= Beginning of Section =

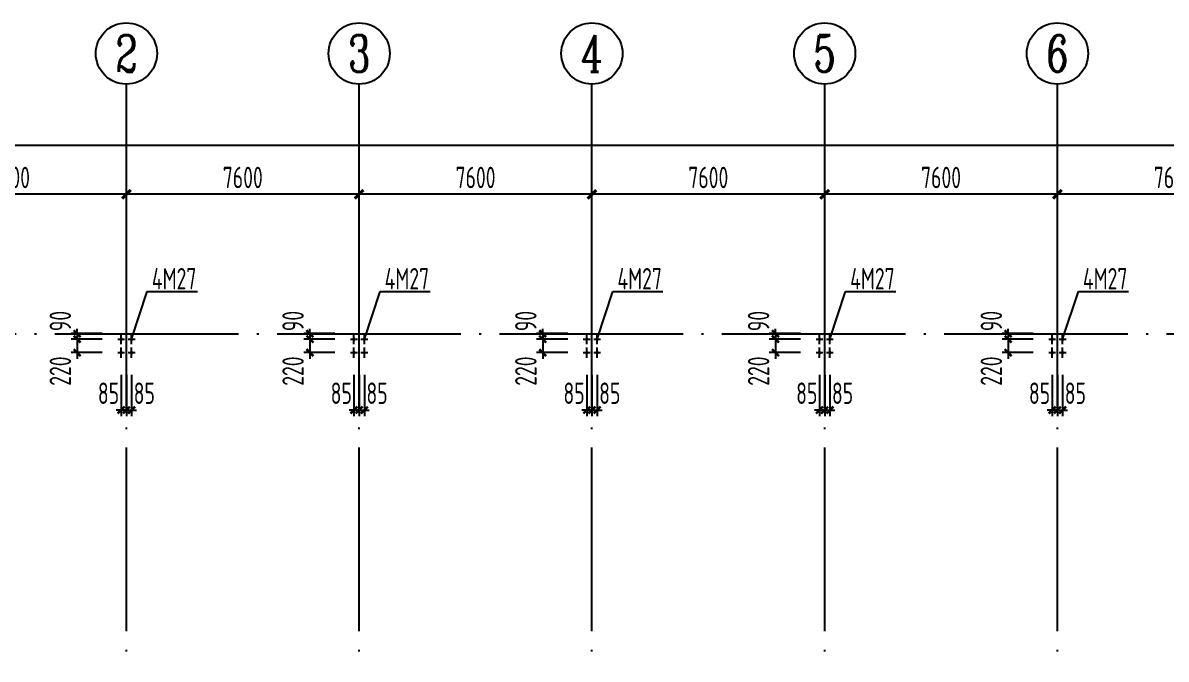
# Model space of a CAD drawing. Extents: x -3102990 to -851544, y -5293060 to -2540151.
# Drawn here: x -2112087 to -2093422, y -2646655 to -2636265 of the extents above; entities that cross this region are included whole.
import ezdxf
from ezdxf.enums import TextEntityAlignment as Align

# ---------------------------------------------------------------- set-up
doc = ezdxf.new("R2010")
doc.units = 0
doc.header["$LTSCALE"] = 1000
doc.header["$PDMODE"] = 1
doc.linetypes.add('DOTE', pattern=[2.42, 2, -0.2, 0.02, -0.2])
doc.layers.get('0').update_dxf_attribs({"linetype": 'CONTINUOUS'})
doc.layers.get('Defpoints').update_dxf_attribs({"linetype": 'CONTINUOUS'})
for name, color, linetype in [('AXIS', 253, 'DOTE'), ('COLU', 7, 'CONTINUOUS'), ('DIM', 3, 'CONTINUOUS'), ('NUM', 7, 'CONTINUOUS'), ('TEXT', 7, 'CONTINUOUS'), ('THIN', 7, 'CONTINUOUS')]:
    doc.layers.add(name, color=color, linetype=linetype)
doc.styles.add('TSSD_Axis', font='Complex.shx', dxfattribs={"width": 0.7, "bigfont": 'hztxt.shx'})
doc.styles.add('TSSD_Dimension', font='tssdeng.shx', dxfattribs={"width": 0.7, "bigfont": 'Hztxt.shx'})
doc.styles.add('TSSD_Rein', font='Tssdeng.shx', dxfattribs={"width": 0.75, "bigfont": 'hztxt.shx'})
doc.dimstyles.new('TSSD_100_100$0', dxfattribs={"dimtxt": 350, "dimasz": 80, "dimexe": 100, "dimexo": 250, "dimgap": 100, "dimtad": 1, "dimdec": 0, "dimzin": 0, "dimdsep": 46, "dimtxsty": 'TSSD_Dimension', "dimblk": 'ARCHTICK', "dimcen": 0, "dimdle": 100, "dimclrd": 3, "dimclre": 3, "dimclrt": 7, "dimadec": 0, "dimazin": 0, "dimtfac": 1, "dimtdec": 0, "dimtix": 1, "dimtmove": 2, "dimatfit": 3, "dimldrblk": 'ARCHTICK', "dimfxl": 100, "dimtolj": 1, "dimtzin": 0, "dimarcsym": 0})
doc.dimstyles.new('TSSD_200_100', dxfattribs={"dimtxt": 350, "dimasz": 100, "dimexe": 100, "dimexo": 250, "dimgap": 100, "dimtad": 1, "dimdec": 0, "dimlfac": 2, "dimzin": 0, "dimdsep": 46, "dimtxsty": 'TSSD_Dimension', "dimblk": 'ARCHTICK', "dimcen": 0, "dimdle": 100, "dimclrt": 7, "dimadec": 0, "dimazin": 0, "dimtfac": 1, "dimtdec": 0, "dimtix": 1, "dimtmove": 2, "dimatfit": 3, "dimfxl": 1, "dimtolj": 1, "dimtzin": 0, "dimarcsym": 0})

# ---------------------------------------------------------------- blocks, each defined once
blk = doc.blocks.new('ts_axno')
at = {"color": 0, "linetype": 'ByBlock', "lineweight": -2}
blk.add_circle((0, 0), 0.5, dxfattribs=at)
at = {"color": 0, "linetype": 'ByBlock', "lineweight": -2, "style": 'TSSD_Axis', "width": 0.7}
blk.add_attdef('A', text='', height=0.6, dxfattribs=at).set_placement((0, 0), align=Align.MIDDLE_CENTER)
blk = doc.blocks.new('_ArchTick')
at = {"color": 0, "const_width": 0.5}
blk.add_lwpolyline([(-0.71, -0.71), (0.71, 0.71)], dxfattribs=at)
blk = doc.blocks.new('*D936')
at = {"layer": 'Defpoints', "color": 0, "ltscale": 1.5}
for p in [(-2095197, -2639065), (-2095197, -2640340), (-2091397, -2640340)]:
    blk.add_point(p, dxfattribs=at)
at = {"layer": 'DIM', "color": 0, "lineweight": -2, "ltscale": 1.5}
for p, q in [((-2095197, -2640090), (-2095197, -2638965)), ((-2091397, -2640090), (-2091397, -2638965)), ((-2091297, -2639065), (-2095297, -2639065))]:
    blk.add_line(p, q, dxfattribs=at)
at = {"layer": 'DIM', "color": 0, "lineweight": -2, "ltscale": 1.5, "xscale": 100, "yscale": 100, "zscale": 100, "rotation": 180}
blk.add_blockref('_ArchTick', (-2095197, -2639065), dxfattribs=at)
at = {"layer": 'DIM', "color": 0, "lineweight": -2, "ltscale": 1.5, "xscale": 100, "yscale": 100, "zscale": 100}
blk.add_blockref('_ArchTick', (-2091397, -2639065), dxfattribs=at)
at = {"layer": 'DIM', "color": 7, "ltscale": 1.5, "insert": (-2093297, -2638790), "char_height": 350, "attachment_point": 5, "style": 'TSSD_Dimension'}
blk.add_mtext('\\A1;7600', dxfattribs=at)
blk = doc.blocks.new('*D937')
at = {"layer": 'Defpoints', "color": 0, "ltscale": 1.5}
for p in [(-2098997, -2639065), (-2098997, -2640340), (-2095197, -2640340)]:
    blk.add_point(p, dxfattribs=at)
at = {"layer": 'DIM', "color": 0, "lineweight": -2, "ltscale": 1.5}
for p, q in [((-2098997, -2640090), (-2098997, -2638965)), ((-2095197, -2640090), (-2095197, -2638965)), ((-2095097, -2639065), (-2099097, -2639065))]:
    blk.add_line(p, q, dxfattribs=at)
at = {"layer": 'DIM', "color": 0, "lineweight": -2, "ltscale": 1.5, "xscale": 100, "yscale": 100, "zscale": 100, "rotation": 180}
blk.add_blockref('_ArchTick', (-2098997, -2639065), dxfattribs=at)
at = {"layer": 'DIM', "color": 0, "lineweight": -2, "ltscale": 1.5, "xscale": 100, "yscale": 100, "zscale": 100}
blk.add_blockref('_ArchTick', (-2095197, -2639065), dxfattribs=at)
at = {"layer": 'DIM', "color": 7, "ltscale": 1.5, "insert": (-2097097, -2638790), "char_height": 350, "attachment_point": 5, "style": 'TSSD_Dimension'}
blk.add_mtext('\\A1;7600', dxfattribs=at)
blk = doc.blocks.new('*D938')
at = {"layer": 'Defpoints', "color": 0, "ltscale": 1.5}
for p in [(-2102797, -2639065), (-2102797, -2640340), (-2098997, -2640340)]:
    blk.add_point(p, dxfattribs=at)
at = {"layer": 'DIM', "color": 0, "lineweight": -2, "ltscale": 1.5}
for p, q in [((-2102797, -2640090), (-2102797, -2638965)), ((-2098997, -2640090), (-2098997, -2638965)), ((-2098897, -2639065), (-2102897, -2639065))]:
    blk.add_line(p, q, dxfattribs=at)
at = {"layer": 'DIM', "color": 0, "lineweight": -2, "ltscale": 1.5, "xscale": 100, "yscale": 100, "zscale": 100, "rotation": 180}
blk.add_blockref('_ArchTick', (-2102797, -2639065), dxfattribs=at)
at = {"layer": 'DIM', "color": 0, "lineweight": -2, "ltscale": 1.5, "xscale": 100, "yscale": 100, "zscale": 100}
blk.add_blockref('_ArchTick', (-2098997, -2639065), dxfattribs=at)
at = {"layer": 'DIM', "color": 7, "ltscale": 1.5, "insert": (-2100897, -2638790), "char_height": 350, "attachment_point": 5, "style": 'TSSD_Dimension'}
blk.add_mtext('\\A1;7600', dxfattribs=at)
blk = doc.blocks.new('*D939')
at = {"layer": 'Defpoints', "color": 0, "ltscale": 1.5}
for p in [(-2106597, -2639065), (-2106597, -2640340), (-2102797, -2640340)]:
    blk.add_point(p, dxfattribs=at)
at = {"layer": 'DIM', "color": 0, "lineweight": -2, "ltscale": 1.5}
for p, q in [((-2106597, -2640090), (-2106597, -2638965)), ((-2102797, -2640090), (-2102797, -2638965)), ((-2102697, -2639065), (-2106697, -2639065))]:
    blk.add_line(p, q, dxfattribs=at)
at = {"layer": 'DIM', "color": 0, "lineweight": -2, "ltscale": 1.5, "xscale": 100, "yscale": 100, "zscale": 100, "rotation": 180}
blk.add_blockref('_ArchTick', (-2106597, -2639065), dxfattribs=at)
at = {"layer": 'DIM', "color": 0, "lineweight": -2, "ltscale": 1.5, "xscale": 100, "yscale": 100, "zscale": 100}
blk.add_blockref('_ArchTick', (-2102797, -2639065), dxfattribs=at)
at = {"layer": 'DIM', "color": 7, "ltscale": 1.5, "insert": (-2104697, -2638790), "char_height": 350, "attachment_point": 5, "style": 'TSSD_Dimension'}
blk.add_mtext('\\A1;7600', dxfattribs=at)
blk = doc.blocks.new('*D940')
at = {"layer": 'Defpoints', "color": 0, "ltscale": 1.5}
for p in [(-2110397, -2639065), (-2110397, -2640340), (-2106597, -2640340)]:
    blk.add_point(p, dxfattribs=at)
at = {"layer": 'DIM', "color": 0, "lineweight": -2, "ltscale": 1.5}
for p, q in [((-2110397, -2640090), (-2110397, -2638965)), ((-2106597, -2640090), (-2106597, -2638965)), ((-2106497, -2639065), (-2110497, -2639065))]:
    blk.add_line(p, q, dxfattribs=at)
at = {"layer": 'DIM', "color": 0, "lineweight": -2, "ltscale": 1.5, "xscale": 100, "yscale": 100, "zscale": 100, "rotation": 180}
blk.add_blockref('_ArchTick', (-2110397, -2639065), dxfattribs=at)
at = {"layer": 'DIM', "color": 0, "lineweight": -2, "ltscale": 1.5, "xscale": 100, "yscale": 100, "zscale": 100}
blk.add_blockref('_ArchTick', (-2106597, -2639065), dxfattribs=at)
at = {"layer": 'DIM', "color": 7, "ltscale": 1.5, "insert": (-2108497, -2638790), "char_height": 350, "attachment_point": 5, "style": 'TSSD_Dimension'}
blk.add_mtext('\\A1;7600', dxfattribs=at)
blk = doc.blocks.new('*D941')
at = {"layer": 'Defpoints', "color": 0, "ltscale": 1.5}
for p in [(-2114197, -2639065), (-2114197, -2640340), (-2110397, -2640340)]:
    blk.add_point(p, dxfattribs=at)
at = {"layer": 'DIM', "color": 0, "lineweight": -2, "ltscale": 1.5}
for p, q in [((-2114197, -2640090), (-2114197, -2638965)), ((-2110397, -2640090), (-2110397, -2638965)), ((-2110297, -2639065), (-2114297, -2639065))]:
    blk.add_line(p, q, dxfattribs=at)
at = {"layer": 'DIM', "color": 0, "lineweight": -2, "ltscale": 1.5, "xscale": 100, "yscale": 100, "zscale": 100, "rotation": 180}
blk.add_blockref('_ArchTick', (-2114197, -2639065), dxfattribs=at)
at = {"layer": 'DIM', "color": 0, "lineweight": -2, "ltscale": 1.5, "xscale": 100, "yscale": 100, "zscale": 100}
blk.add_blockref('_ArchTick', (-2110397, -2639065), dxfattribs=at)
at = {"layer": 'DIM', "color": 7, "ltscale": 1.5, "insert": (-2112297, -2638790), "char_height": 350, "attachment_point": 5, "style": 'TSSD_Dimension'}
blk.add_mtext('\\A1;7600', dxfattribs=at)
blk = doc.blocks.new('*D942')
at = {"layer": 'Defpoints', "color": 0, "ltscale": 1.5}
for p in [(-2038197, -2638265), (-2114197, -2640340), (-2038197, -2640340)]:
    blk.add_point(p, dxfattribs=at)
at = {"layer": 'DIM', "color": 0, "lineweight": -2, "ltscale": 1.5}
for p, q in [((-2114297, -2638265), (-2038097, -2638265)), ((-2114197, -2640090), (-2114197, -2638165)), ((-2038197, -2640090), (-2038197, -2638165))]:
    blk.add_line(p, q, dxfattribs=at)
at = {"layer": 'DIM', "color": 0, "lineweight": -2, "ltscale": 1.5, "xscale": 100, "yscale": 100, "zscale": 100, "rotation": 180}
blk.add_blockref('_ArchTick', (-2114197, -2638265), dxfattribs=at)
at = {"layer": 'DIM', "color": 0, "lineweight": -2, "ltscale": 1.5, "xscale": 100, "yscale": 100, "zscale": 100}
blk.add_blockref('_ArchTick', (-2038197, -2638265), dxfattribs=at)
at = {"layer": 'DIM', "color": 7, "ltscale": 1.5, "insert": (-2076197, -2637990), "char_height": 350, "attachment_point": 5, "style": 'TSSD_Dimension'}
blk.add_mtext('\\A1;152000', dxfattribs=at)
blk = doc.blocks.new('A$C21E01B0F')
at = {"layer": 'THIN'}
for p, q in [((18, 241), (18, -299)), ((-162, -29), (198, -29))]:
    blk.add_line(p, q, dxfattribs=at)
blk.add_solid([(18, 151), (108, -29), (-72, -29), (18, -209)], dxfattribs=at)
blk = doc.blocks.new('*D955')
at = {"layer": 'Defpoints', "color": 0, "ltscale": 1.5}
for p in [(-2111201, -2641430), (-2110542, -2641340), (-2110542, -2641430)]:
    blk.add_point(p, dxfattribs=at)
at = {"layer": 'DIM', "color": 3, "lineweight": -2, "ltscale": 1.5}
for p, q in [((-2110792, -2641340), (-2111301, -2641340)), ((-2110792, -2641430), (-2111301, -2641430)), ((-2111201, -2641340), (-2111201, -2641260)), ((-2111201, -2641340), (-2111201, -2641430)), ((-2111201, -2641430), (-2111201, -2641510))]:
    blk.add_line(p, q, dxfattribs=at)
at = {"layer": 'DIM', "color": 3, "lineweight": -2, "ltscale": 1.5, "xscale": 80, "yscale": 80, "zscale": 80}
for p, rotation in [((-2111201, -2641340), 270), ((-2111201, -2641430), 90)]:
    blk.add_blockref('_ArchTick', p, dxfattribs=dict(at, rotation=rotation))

= End of Section =

| Goal of the exercise |
Find the count of lines in the data above where the string "ezdxf" occurs. Provide that number alone.

| Solution for this exercise |
3